As I write this story among the ten newspapers that I take daily, only three have reported the embarrassing story. I admit that the information minister has said on the SLBC tea break programme that the information has been investigated and that there is no truth in it. Was the investigation carried out by an independent body or was it an in-house affair. For credibility and to protect the minister’s integrity would it not have been preferable if the ACC conducted them? We witnessed the same attitude in the cocaine trial and before that the leaked ACC report into the affairs of the Bank of Sierra Leone. Two newspapers came out with the story but in only ONE edition of each before it disappeared into oblivion.

On the other hand one could recall the inconsistency, nay double standards if you like into the false allegation and unsuccessful prosecution of honourable Momoh Pujeh then an SLPP Member of Parliament for being in possession of rough and uncut diamonds.

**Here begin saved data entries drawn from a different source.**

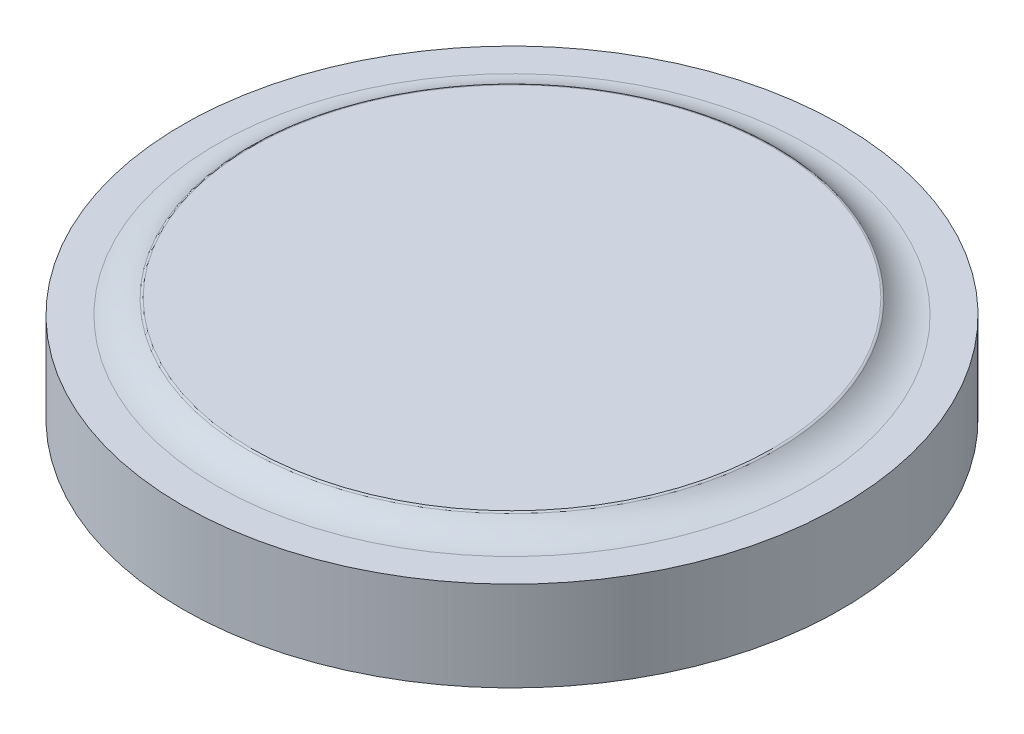
ISO-10303-21;
HEADER;
FILE_DESCRIPTION(('STEP AP214'),'2;1');
FILE_NAME('part.step','',(''),(''),'','','');
FILE_SCHEMA(('AUTOMOTIVE_DESIGN { 1 0 10303 214 1 1 1 1 }'));
ENDSEC;
DATA;
#1=APPLICATION_CONTEXT('core data for automotive mechanical design processes');
#2=APPLICATION_PROTOCOL_DEFINITION('international standard','automotive_design',2000,#1);
#3=PRODUCT_CONTEXT('',#1,'mechanical');
#4=PRODUCT('Part','Part','',(#3));
#5=PRODUCT_RELATED_PRODUCT_CATEGORY('part','',(#4));
#6=PRODUCT_DEFINITION_FORMATION('','',#4);
#7=PRODUCT_DEFINITION_CONTEXT('part definition',#1,'design');
#8=PRODUCT_DEFINITION('design','',#6,#7);
#9=PRODUCT_DEFINITION_SHAPE('','',#8);
#10=(LENGTH_UNIT() NAMED_UNIT(*) SI_UNIT(.MILLI.,.METRE.));
#11=(NAMED_UNIT(*) PLANE_ANGLE_UNIT() SI_UNIT($,.RADIAN.));
#12=(NAMED_UNIT(*) SI_UNIT($,.STERADIAN.) SOLID_ANGLE_UNIT());
#13=UNCERTAINTY_MEASURE_WITH_UNIT(LENGTH_MEASURE(1.E-05),#10,'distance_accuracy_value','');
#14=(GEOMETRIC_REPRESENTATION_CONTEXT(3) GLOBAL_UNCERTAINTY_ASSIGNED_CONTEXT((#13)) GLOBAL_UNIT_ASSIGNED_CONTEXT((#10,
#11,#12)) REPRESENTATION_CONTEXT('',''));
#15=CARTESIAN_POINT('',(0.,0.,0.));
#16=DIRECTION('',(0.,0.,1.));
#17=DIRECTION('',(1.,0.,0.));
#18=AXIS2_PLACEMENT_3D('',#15,#16,#17);
#19=CARTESIAN_POINT('',(0.,3.,0.));
#20=DIRECTION('',(0.,-1.,0.));
#21=DIRECTION('',(0.,0.,-1.));
#22=AXIS2_PLACEMENT_3D('',#19,#20,#21);
#23=CYLINDRICAL_SURFACE('',#22,11.);
#24=CARTESIAN_POINT('',(0.,3.,0.));
#25=DIRECTION('',(0.,1.,0.));
#26=DIRECTION('',(0.,0.,1.));
#27=AXIS2_PLACEMENT_3D('',#24,#25,#26);
#28=CIRCLE('',#27,11.);
#29=CARTESIAN_POINT('',(0.,3.,11.));
#30=VERTEX_POINT('',#29);
#31=EDGE_CURVE('E51',#30,#30,#28,.T.);
#32=ORIENTED_EDGE('',*,*,#31,.F.);
#33=EDGE_LOOP('',(#32));
#34=FACE_BOUND('',#33,.T.);
#35=CARTESIAN_POINT('',(0.,0.,0.));
#36=DIRECTION('',(0.,1.,0.));
#37=DIRECTION('',(0.,0.,1.));
#38=AXIS2_PLACEMENT_3D('',#35,#36,#37);
#39=CIRCLE('',#38,11.);
#40=CARTESIAN_POINT('',(0.,0.,11.));
#41=VERTEX_POINT('',#40);
#42=EDGE_CURVE('E54',#41,#41,#39,.T.);
#43=ORIENTED_EDGE('',*,*,#42,.T.);
#44=EDGE_LOOP('',(#43));
#45=FACE_BOUND('',#44,.T.);
#46=ADVANCED_FACE('F36',(#34,#45),#23,.T.);
#47=CARTESIAN_POINT('',(0.,3.,0.));
#48=DIRECTION('',(0.,1.,0.));
#49=DIRECTION('',(0.,0.,1.));
#50=AXIS2_PLACEMENT_3D('',#47,#48,#49);
#51=PLANE('',#50);
#52=CARTESIAN_POINT('',(0.,3.,0.));
#53=DIRECTION('',(0.,1.,0.));
#54=DIRECTION('',(0.,0.,1.));
#55=AXIS2_PLACEMENT_3D('',#52,#53,#54);
#56=CIRCLE('',#55,9.8680339887499);
#57=CARTESIAN_POINT('',(0.,3.,9.8680339887499));
#58=VERTEX_POINT('',#57);
#59=EDGE_CURVE('E47',#58,#58,#56,.F.);
#60=ORIENTED_EDGE('',*,*,#59,.T.);
#61=EDGE_LOOP('',(#60));
#62=FACE_BOUND('',#61,.T.);
#63=ORIENTED_EDGE('',*,*,#31,.T.);
#64=EDGE_LOOP('',(#63));
#65=FACE_BOUND('',#64,.T.);
#66=ADVANCED_FACE('F60',(#62,#65),#51,.T.);
#67=CARTESIAN_POINT('',(0.,0.,0.));
#68=DIRECTION('',(0.,1.,0.));
#69=DIRECTION('',(0.,0.,1.));
#70=AXIS2_PLACEMENT_3D('',#67,#68,#69);
#71=PLANE('',#70);
#72=ORIENTED_EDGE('',*,*,#42,.F.);
#73=EDGE_LOOP('',(#72));
#74=FACE_BOUND('',#73,.T.);
#75=ADVANCED_FACE('F67',(#74),#71,.F.);
#76=CARTESIAN_POINT('',(0.,3.5,0.));
#77=DIRECTION('',(0.,1.,0.));
#78=DIRECTION('',(0.,0.,1.));
#79=AXIS2_PLACEMENT_3D('',#76,#77,#78);
#80=PLANE('',#79);
#81=CARTESIAN_POINT('',(0.,3.5,0.));
#82=DIRECTION('',(0.,1.,0.));
#83=DIRECTION('',(0.,0.,1.));
#84=AXIS2_PLACEMENT_3D('',#81,#82,#83);
#85=CIRCLE('',#84,8.70613898488767);
#86=CARTESIAN_POINT('',(0.,3.5,8.70613898488767));
#87=VERTEX_POINT('',#86);
#88=EDGE_CURVE('E43',#87,#87,#85,.T.);
#89=ORIENTED_EDGE('',*,*,#88,.T.);
#90=EDGE_LOOP('',(#89));
#91=FACE_BOUND('',#90,.T.);
#92=ADVANCED_FACE('F69',(#91),#80,.T.);
#93=CARTESIAN_POINT('',(0.,4.5,0.));
#94=DIRECTION('',(0.,1.,0.));
#95=DIRECTION('',(0.,0.,1.));
#96=AXIS2_PLACEMENT_3D('',#93,#94,#95);
#97=TOROIDAL_SURFACE('',#96,9.8680339887499,1.5);
#98=CARTESIAN_POINT('',(0.,3.46875,0.));
#99=DIRECTION('',(0.,1.,0.));
#100=DIRECTION('',(0.,0.,1.));
#101=AXIS2_PLACEMENT_3D('',#98,#99,#100);
#102=CIRCLE('',#101,8.77875742262906);
#103=CARTESIAN_POINT('',(0.,3.46875,8.77875742262906));
#104=VERTEX_POINT('',#103);
#105=EDGE_CURVE('E11',#104,#104,#102,.F.);
#106=ORIENTED_EDGE('',*,*,#105,.T.);
#107=EDGE_LOOP('',(#106));
#108=FACE_BOUND('',#107,.T.);
#109=ORIENTED_EDGE('',*,*,#59,.F.);
#110=EDGE_LOOP('',(#109));
#111=FACE_BOUND('',#110,.T.);
#112=ADVANCED_FACE('F75',(#108,#111),#97,.F.);
#113=CARTESIAN_POINT('',(0.,3.4,0.));
#114=DIRECTION('',(0.,-1.,0.));
#115=DIRECTION('',(0.,0.,-1.));
#116=AXIS2_PLACEMENT_3D('',#113,#114,#115);
#117=TOROIDAL_SURFACE('',#116,8.70613898488767,0.1);
#118=ORIENTED_EDGE('',*,*,#105,.F.);
#119=EDGE_LOOP('',(#118));
#120=FACE_BOUND('',#119,.T.);
#121=ORIENTED_EDGE('',*,*,#88,.F.);
#122=EDGE_LOOP('',(#121));
#123=FACE_BOUND('',#122,.T.);
#124=ADVANCED_FACE('F38',(#120,#123),#117,.T.);
#125=CLOSED_SHELL('',(#46,#66,#75,#92,#112,#124));
#126=MANIFOLD_SOLID_BREP('B2',#125);
#127=ADVANCED_BREP_SHAPE_REPRESENTATION('',(#18,#126),#14);
#128=SHAPE_DEFINITION_REPRESENTATION(#9,#127);
ENDSEC;
END-ISO-10303-21;

First the Tejan-Kabbah haters gave it out that the whole thing was a plot orchestrated by the former President to discredit the MP because he saw Momoh Pujeh as a potential rival and threat in the contest for the leadership of the SLPP. I reported the paradox in this column when the former President appeared on the ‘Hardtalk’ programme of the BBC television in London. Practically the entire thirty minutes was devoted to grilling him on the allegation that his government was so corrupt that he had personally prevented the prosecution of one of his senior ministers on allegation of corruption. That story was to all intents and purposes put out by DFID in Sierra Leone. And yet when the case eventually went to court the poor man was acquitted and discharged for the same reason that the then Attorney-General Solomon Berewa had proffered, which was that while being in possession of rough and uncut diamonds could be a criminal case, it certainly WAS NOT a case of corruption. Now the question remains, will the ACC show any interest in the story concerning the minister of defense in the Wikileaks story, or will it accept the information minister’s explanation as an end of the matter and case closed? But that decision about the rotten NASSIT ferries will continue to hunt the ACC Commissioner.

All these matters remind me of a question once raised by an over anxious editor of the African Champion newspaper, which was, whether the ACC was targeting only the APC? The answer to that question remains, like the words of Sherlock Holmes to his ever-uncomprehending friend, “Elementary my dear Watson.”  The newspaper needs to be reminded, if the editor feigns ignorance that the main actors on centre stage are APC operatives, including the erstwhile Director-General  of the Maritime Administration Philip Lukulay.